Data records
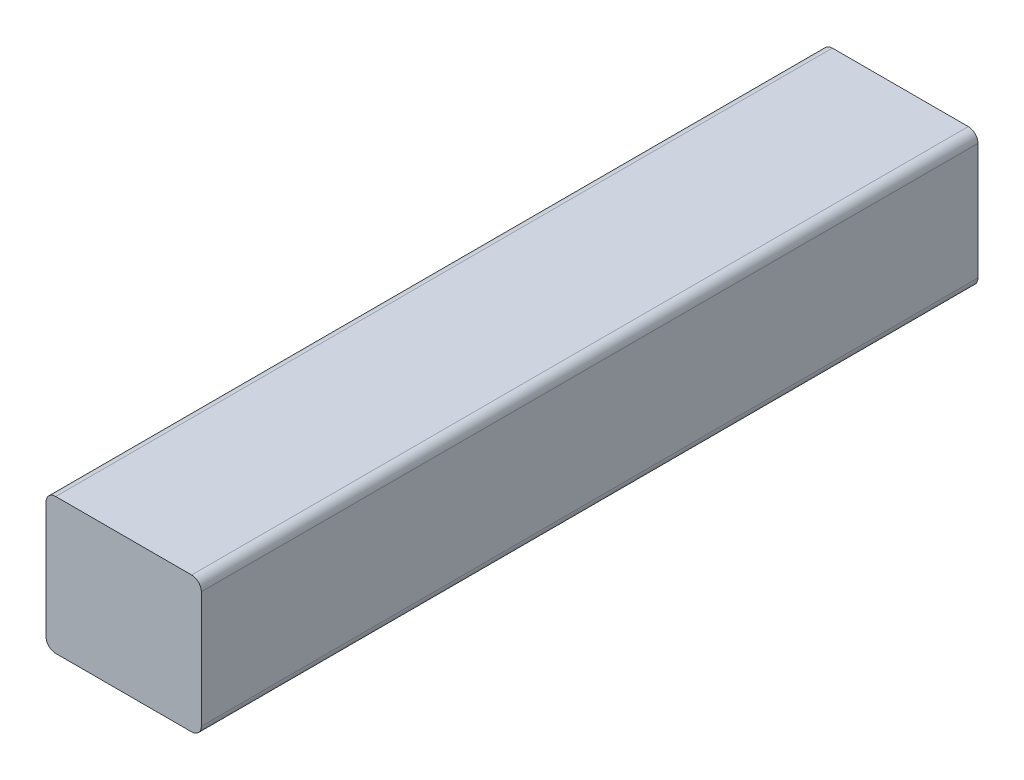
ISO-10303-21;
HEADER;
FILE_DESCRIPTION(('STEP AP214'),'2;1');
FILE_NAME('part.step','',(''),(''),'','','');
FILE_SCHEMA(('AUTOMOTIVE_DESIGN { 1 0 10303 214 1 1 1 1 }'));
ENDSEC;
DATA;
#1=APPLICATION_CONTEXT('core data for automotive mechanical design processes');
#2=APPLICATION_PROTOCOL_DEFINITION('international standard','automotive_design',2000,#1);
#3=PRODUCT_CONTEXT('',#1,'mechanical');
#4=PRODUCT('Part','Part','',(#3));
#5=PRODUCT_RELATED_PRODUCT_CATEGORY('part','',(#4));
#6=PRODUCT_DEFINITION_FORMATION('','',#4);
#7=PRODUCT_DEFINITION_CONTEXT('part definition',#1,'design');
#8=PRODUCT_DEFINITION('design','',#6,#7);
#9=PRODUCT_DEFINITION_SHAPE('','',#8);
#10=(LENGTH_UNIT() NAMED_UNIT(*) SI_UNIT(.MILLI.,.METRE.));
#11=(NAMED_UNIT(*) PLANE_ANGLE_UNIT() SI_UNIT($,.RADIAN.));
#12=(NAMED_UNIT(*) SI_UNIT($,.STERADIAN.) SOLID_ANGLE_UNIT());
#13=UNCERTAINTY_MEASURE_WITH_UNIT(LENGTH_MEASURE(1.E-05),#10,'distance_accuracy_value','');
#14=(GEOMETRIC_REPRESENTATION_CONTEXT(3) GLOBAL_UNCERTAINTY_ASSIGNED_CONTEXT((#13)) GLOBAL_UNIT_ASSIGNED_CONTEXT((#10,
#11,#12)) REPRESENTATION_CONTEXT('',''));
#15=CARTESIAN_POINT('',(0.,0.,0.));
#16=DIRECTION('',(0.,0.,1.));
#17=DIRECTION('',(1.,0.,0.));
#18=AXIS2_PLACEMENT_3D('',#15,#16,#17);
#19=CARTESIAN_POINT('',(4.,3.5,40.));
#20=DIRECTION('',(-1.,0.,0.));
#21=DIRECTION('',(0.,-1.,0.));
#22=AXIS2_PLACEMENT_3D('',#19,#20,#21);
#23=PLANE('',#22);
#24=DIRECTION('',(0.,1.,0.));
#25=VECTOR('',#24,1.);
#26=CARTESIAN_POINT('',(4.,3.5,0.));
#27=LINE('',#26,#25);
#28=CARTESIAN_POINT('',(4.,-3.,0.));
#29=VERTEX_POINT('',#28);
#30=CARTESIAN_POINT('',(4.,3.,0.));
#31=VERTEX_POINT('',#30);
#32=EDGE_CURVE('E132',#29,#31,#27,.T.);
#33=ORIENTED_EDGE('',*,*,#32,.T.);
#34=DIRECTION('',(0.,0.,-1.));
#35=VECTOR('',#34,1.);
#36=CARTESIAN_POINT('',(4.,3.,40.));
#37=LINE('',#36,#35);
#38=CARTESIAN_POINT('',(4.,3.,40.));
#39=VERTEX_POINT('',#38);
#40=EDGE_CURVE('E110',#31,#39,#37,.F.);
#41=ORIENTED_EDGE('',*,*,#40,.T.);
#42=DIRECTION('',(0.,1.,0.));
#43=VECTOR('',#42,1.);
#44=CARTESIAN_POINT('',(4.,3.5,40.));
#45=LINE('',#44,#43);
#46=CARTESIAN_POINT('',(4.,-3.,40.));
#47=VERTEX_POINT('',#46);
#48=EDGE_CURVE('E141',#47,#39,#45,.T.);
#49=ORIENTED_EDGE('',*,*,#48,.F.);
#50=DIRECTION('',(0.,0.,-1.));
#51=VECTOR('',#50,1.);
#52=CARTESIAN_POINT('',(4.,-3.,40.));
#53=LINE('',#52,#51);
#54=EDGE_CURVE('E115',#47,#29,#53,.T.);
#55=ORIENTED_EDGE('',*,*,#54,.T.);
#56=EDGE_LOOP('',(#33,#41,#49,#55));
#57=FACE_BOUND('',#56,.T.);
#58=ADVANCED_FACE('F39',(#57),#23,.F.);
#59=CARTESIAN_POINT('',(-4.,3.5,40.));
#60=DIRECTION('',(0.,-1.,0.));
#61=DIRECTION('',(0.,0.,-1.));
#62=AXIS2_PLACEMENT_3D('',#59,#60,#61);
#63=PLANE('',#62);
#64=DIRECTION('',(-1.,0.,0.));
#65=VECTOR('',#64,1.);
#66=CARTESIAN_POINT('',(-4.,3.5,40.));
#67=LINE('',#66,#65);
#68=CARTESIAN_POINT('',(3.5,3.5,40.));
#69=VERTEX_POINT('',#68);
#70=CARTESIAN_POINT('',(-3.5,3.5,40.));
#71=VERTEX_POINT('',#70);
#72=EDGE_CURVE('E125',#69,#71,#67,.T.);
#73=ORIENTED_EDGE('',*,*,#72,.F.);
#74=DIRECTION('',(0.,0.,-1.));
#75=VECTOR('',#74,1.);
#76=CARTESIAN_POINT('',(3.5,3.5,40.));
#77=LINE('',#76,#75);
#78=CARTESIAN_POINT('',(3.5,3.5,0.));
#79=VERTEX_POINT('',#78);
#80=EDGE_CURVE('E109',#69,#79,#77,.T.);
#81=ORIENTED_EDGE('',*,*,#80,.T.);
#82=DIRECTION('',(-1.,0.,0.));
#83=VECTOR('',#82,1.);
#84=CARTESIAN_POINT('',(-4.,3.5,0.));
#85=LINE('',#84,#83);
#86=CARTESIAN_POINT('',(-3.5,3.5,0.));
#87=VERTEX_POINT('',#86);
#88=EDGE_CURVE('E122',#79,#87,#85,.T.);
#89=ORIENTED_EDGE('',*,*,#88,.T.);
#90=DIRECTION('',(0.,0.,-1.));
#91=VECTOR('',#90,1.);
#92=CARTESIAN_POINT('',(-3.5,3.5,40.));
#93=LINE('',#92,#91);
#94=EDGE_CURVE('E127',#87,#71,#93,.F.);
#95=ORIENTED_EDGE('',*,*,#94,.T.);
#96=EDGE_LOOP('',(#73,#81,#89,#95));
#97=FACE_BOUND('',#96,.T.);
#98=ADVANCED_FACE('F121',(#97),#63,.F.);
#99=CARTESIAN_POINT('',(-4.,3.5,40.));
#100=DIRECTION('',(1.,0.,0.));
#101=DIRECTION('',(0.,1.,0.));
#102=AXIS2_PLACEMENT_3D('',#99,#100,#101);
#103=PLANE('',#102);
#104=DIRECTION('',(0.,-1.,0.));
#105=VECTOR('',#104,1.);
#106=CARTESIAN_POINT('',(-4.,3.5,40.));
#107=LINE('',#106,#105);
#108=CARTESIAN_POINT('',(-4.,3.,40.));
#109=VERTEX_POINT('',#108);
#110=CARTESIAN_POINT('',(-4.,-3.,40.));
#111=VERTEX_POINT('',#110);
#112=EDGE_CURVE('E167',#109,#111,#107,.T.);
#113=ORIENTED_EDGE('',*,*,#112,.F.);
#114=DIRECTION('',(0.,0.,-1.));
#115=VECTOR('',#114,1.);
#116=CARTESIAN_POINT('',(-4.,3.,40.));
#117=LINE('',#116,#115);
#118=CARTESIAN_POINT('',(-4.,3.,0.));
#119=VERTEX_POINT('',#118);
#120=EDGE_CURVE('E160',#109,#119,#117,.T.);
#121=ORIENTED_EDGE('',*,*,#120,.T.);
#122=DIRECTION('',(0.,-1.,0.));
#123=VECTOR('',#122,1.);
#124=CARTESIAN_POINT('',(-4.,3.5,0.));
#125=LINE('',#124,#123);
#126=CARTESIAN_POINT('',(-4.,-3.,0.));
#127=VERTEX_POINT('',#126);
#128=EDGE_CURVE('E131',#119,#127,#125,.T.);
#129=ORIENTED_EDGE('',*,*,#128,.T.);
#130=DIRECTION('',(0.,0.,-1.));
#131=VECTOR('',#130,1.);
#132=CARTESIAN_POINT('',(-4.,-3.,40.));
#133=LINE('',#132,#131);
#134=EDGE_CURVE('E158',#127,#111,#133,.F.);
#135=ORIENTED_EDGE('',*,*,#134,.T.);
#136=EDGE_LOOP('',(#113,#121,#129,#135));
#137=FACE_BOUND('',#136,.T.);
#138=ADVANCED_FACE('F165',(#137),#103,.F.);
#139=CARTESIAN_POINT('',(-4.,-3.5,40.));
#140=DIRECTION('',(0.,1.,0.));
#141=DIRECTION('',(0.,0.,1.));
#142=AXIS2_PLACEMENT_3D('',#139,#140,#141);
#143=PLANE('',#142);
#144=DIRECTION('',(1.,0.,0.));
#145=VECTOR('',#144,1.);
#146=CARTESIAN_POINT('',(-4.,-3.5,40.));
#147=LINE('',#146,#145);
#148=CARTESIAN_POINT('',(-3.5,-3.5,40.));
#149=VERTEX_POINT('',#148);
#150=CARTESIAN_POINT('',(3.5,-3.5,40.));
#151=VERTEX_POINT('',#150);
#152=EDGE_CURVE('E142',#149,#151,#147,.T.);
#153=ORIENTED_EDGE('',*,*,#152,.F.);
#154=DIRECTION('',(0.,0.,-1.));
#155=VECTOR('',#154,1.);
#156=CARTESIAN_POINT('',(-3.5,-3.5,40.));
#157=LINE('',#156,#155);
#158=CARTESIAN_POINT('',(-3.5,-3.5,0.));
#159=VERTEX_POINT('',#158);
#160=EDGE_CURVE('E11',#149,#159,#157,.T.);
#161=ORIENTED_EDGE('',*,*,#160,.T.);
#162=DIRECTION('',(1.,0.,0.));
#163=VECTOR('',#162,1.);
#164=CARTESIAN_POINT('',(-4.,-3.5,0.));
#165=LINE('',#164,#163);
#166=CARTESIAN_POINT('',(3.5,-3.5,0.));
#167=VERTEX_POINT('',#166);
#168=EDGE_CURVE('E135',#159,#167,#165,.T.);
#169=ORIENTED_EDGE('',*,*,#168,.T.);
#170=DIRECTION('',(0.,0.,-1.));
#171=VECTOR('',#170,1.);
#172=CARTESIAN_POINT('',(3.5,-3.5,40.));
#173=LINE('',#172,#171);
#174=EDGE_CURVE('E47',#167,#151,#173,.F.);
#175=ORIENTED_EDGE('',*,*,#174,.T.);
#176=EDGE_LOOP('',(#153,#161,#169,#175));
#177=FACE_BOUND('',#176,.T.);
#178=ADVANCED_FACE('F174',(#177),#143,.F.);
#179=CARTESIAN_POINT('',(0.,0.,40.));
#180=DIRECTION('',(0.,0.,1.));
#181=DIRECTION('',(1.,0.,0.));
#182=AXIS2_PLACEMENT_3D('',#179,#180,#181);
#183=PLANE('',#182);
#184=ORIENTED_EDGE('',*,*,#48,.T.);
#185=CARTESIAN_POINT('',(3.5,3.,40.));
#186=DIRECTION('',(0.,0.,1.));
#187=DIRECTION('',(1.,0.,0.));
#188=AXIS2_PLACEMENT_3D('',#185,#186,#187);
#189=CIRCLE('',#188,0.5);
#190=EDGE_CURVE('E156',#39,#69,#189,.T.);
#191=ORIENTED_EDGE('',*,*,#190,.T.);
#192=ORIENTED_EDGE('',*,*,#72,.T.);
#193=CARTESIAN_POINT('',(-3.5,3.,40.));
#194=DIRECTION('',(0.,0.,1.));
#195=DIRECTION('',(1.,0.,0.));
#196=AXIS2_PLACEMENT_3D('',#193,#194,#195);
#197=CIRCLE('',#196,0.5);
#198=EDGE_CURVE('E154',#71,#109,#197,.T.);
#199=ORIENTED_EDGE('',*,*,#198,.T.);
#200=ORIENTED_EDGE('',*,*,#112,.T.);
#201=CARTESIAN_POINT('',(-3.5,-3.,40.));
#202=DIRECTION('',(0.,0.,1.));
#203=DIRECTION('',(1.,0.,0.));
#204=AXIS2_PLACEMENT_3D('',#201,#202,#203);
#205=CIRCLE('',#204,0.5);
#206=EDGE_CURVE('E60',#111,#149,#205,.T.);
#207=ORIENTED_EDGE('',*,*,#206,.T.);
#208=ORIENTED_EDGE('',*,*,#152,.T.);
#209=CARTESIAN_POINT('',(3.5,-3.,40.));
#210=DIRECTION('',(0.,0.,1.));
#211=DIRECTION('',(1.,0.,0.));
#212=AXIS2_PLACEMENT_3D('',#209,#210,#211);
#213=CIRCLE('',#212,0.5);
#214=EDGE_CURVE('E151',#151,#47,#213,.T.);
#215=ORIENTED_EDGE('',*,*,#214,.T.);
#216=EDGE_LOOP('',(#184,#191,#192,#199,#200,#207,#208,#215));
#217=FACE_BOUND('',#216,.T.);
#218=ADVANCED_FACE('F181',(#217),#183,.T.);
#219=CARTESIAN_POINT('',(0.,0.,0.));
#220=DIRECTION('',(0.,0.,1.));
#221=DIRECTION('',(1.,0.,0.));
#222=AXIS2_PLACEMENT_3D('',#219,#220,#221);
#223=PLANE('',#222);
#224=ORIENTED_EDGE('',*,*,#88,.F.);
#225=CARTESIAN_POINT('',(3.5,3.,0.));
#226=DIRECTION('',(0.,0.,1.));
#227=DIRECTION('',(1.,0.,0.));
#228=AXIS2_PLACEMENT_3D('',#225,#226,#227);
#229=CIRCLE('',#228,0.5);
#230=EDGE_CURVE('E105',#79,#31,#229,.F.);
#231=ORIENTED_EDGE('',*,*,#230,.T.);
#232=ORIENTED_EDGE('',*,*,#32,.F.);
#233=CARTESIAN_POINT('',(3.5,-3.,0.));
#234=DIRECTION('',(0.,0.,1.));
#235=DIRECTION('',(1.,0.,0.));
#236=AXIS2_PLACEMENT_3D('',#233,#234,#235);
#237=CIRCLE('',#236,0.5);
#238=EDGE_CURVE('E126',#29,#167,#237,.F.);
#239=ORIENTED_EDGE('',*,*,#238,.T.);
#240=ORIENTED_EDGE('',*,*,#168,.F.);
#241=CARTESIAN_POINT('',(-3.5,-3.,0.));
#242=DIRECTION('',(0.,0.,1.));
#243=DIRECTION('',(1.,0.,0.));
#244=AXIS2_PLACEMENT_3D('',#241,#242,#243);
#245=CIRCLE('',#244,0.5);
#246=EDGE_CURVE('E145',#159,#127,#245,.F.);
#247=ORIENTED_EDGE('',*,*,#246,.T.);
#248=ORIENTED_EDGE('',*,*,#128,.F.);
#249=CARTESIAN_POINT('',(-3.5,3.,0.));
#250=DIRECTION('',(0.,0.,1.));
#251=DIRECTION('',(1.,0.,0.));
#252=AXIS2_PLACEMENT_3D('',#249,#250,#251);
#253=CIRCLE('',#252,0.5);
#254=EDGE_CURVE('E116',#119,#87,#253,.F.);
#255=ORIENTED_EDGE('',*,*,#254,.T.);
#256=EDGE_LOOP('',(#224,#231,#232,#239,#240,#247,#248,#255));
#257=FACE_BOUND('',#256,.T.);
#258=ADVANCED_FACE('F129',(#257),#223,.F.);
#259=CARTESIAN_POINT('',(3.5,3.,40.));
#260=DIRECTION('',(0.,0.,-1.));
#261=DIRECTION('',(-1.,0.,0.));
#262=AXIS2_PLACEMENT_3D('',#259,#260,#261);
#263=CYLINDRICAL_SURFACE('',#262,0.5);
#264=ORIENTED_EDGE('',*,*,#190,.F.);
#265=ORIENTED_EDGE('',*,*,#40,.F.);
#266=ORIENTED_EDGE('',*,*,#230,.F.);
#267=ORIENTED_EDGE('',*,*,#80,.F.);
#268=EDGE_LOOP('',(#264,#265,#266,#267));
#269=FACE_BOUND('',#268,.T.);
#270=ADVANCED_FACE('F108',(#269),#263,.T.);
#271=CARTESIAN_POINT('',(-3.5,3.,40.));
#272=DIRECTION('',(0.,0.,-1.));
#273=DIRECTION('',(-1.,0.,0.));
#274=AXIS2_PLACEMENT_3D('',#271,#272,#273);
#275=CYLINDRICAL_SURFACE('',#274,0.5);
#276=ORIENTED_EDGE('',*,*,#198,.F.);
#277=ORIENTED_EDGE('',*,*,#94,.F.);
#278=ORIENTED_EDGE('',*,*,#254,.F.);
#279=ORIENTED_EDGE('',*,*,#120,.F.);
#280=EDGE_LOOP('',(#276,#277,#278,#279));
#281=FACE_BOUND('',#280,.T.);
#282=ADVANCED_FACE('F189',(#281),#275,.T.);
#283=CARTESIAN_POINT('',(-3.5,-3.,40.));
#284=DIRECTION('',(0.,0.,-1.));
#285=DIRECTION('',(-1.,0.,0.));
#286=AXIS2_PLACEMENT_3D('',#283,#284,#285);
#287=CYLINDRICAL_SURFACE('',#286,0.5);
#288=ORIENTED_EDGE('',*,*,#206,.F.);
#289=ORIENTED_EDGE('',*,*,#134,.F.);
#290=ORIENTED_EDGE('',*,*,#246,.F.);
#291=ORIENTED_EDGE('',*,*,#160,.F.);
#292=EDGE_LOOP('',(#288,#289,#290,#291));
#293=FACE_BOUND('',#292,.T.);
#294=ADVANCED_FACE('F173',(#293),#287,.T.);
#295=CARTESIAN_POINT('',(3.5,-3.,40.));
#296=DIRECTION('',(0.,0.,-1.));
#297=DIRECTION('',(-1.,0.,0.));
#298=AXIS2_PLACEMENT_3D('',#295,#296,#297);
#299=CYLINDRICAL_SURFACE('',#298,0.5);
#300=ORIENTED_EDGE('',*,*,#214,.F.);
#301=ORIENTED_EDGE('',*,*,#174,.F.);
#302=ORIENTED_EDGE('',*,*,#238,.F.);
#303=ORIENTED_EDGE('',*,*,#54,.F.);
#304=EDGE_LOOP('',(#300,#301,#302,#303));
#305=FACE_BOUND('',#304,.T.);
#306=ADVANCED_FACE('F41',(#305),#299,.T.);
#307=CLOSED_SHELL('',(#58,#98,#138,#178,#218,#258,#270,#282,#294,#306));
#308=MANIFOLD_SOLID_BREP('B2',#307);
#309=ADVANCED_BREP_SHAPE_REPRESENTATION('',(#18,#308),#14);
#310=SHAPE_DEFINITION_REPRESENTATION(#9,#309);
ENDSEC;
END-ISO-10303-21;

To do: Give again exactly, and only, the lines above starting at the one with "#96=EDGE_LOOP('',(#73,#81,#89,#95));" and ending at the one with "#107=LINE('',#106,#105);".

Exercise output:
#96=EDGE_LOOP('',(#73,#81,#89,#95));
#97=FACE_BOUND('',#96,.T.);
#98=ADVANCED_FACE('F121',(#97),#63,.F.);
#99=CARTESIAN_POINT('',(-4.,3.5,40.));
#100=DIRECTION('',(1.,0.,0.));
#101=DIRECTION('',(0.,1.,0.));
#102=AXIS2_PLACEMENT_3D('',#99,#100,#101);
#103=PLANE('',#102);
#104=DIRECTION('',(0.,-1.,0.));
#105=VECTOR('',#104,1.);
#106=CARTESIAN_POINT('',(-4.,3.5,40.));
#107=LINE('',#106,#105);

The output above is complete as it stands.